The literal reason as taught in the lecture comes from astronomy.  The Sun traces the ecliptic across the sky every year.  It is never at median once north or south of the ecliptic.  Our civilization is the northern one.

The first step of symbolic reason is Masonry dates from the era of solar worship.  Since the Sun does not illuminate the spot it is dark.  So far simple with no conundrum.

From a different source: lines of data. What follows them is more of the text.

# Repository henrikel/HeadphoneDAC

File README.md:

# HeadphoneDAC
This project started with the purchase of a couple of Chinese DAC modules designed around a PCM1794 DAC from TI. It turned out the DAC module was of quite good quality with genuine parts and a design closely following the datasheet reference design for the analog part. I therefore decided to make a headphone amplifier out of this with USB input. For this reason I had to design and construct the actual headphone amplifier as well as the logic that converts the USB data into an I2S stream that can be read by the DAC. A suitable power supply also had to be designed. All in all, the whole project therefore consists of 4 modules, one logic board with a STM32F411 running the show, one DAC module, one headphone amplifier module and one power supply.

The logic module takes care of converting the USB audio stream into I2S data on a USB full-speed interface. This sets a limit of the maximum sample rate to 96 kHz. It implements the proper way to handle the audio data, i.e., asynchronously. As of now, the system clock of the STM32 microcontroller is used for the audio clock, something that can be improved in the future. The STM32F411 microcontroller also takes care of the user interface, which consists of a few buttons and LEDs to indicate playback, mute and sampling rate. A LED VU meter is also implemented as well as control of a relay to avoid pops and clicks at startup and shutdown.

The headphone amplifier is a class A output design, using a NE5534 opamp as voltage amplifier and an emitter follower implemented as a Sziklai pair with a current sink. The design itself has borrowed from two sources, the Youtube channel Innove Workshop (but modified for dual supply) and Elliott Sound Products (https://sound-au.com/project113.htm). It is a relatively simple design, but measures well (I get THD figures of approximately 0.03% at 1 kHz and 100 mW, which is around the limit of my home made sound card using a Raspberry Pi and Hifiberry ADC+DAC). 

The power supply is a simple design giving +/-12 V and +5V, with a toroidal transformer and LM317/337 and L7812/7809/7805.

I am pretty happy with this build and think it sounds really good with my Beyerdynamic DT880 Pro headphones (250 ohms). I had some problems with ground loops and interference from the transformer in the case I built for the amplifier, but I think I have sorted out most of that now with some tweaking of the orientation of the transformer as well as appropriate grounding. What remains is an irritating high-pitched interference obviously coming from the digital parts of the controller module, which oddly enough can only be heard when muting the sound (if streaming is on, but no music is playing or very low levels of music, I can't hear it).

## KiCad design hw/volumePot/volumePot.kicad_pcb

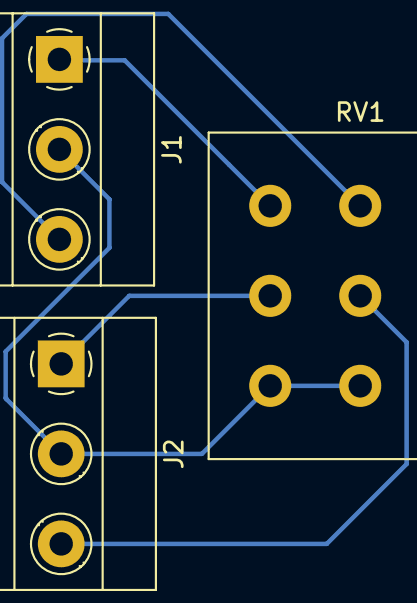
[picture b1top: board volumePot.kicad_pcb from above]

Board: 2 copper layers, 3 parts (0 on the bottom side), 5 nets.

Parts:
J1, J2: Screw_Terminal_01x03; TerminalBlock_Phoenix_MKDS-1,5-3_1x03_P5.00mm_Horizontal
RV1: R_POT_Dual; Potentiometer_Alps_RK163_Dual_Horizontal

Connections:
unnamed: J1.1, RV1.6
unnamed: J1.2, J2.2, RV1.1, RV1.4
unnamed: J1.3, RV1.3
unnamed: J2.1, RV1.5
unnamed: J2.3, RV1.2

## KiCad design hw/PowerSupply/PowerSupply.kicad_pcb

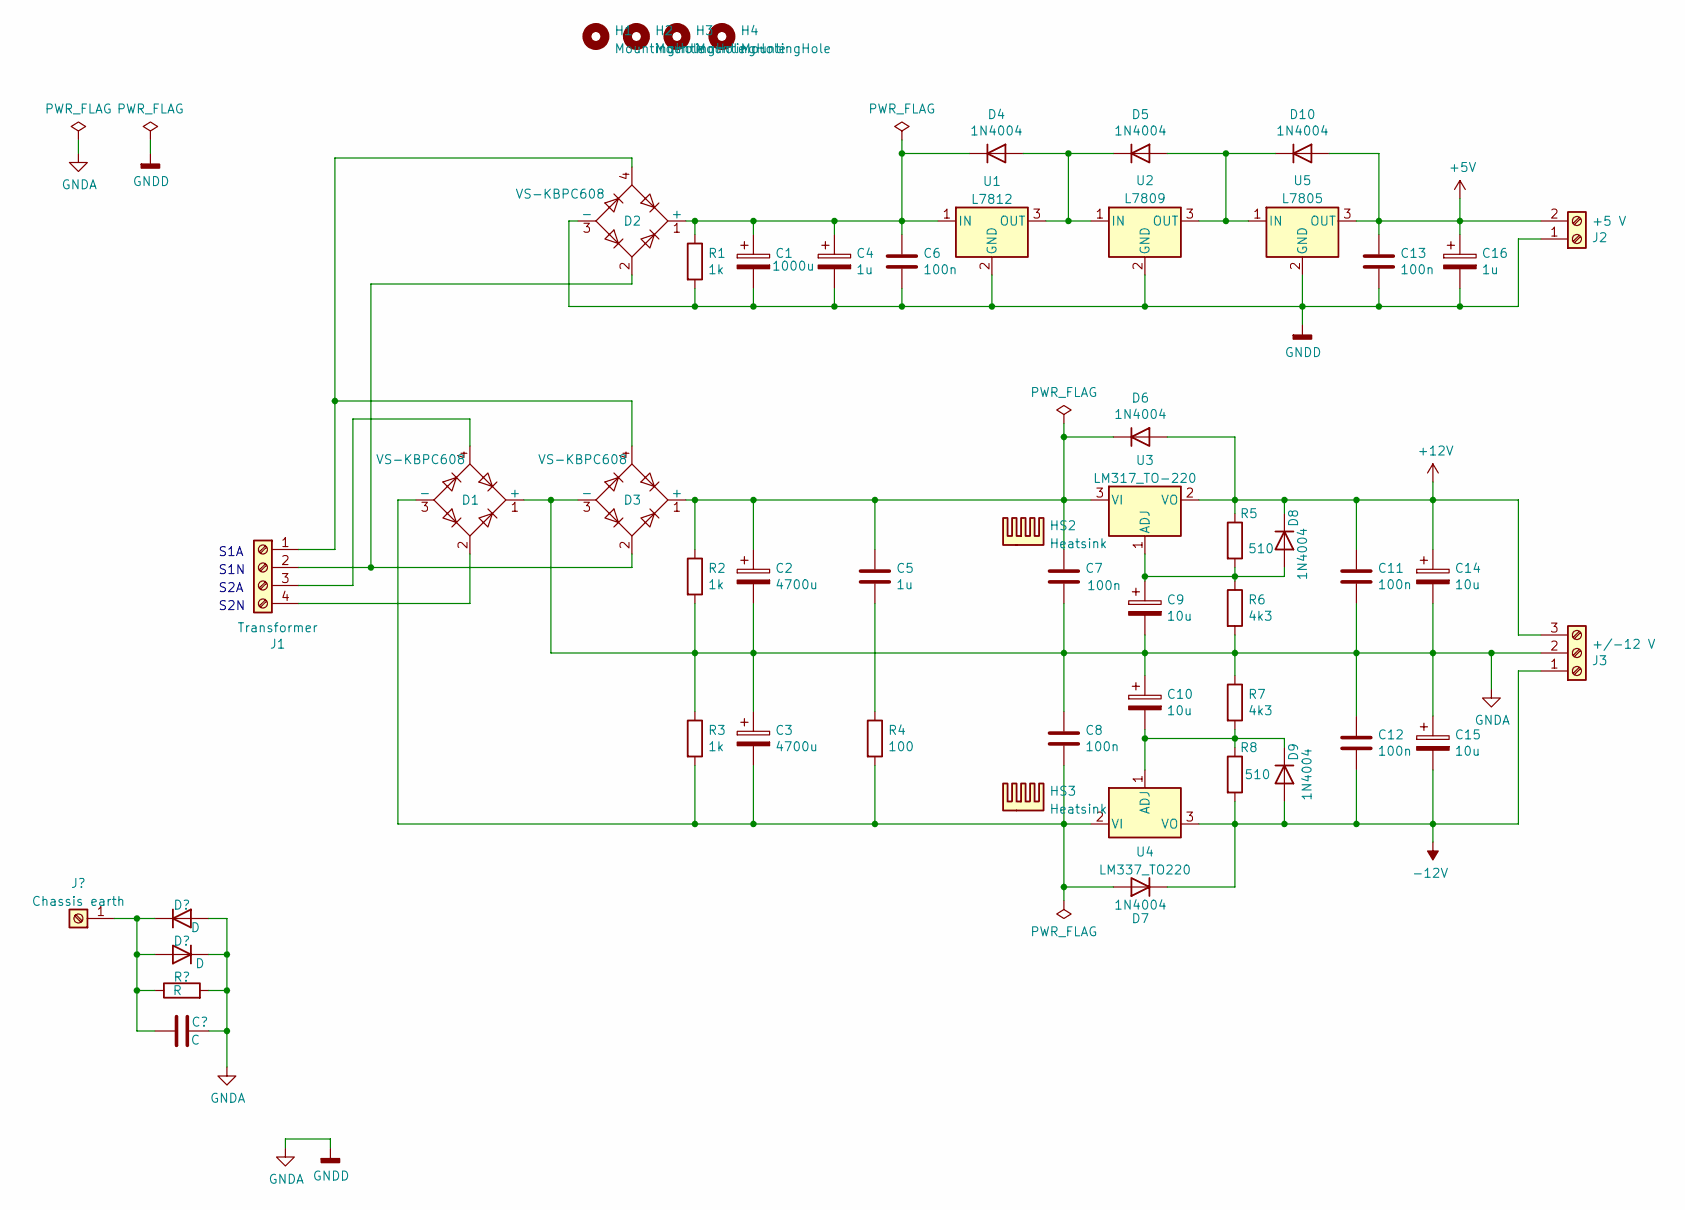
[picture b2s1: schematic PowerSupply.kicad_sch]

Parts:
C1: 1000u; CP_Radial_D18.0mm_P7.50mm
C2, C3: 4700u; CP_Radial_D18.0mm_P7.50mm
C4, C16: 1u; CP_Radial_D5.0mm_P2.00mm
C5: 1u; C_Rect_L7.0mm_W2.5mm_P5.00mm
C6, C7, C8, C11, C12, C13: 100n; C_Rect_L7.0mm_W2.5mm_P5.00mm
C9, C10, C14, C15: 10u; CP_Radial_D5.0mm_P2.00mm
D1, D2, D3: VS-KBPC608; Diode_Bridge_Vishay_KBPC6
D4, D5, D6, D7, D8, D9, D10: 1N4004; D_DO-41_SOD81_P10.16mm_Horizontal
H1, H2, H3, H4: MountingHole; MountingHole_3.2mm_M3
HS2, HS3: Heatsink; Heatsink_Fischer_SK104-STC-STIC_35x13mm_2xDrill2.5mm
J1: Transformer; TerminalBlock_Phoenix_MKDS-1,5-4_1x04_P5.00mm_Horizontal
J2: +5 V; TerminalBlock_Phoenix_MKDS-1,5-2_1x02_P5.00mm_Horizontal
J3: +/-12 V; TerminalBlock_Phoenix_MKDS-1,5-3_1x03_P5.00mm_Horizontal
R1, R2, R3: 1k; R_Axial_DIN0414_L11.9mm_D4.5mm_P20.32mm_Horizontal
R4: 100; R_Axial_DIN0207_L6.3mm_D2.5mm_P10.16mm_Horizontal
R5, R8: 510; R_Axial_DIN0207_L6.3mm_D2.5mm_P10.16mm_Horizontal
R6, R7: 4k3; R_Axial_DIN0207_L6.3mm_D2.5mm_P10.16mm_Horizontal
U1: L7812; TO-220-3_Vertical
U2: L7809; TO-220-3_Vertical
U3: LM317_TO-220; TO-220-3_Vertical
U4: LM337_TO220; TO-220-3_Vertical
U5: L7805; TO-220-3_Vertical

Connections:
+5V: C13.1, C16.1, D10.2 (A), J2.2, U5.3 (OUT)
+12V: C11.1, C14.1, D6.2 (A), D8.1 (K), J3.3, R5.1, U3.2 (VO)
-12V: C12.2, C15.2, D7.1 (K), D9.2 (A), J3.1, R8.2, U4.3 (VO)
GNDA: C1.2, C2.2, C3.1, C4.2, C6.2, C7.2, C8.1, C9.2, C10.1, C11.2, C12.1, C13.2, C14.2, C15.1, C16.2, D1.1 (+), D2.3 (-), D3.3 (-), J2.1, J3.2, R1.2, R2.2, R3.1, R6.2, R7.1, U1.2 (GND), U2.2 (GND), U5.2 (GND)
unnamed: C1.1, C4.1, C6.1, D2.1 (+), D4.1 (K), R1.1, U1.1 (IN)
unnamed: C2.1, C5.1, C7.1, D3.1 (+), D6.1 (K), R2.1, U3.3 (VI)
unnamed: C3.2, C8.2, D1.3 (-), D7.2 (A), R3.2, R4.2, U4.2 (VI)
unnamed: C5.2, R4.1
unnamed: C9.1, D8.2 (A), R5.2, R6.1, U3.1 (ADJ)
unnamed: C10.2, D9.1 (K), R7.2, R8.1, U4.1 (ADJ)
unnamed: D1.2, J1.4
unnamed: D1.4, J1.3
unnamed: D2.2, D3.2, J1.2
unnamed: D2.4, D3.4, J1.1
unnamed: D4.2 (A), D5.1 (K), U1.3 (OUT), U2.1 (IN)
unnamed: D5.2 (A), D10.1 (K), U2.3 (OUT), U5.1 (IN)

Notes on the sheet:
S1N
S2N
S2A
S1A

The second step is the reference to the seat in the north being reserved for the divine.  As the divine is the source for the light.  I find this to be the starting point of the conundrum.  There is a cluster of ideas in play.  Veiled in allegory with concealment as a teaching method.  Hiram Abiff being dead and thus dark.  The original Masters Word being lost and thus dark.  Other religions teaching other ways yet also starting from the divine and thus the path but not the source being dark.   These are the kind of secrets that can be shouted from the rooftops and still they remain secret.

The third step is the English pun of sun and son.  Probably as we do not discuss sectarian religion in lodge I wonder if the word dark is a sense shifting play on silence.  Masonry originated in a time and place when forced changes of religion were recent history and people existed who publicly followed the public way still secretly followed the way then out of favor.  Lodges were an asylum for those who would keep their private ways secret.  These are the kinds of secrets where people die when they are revealed.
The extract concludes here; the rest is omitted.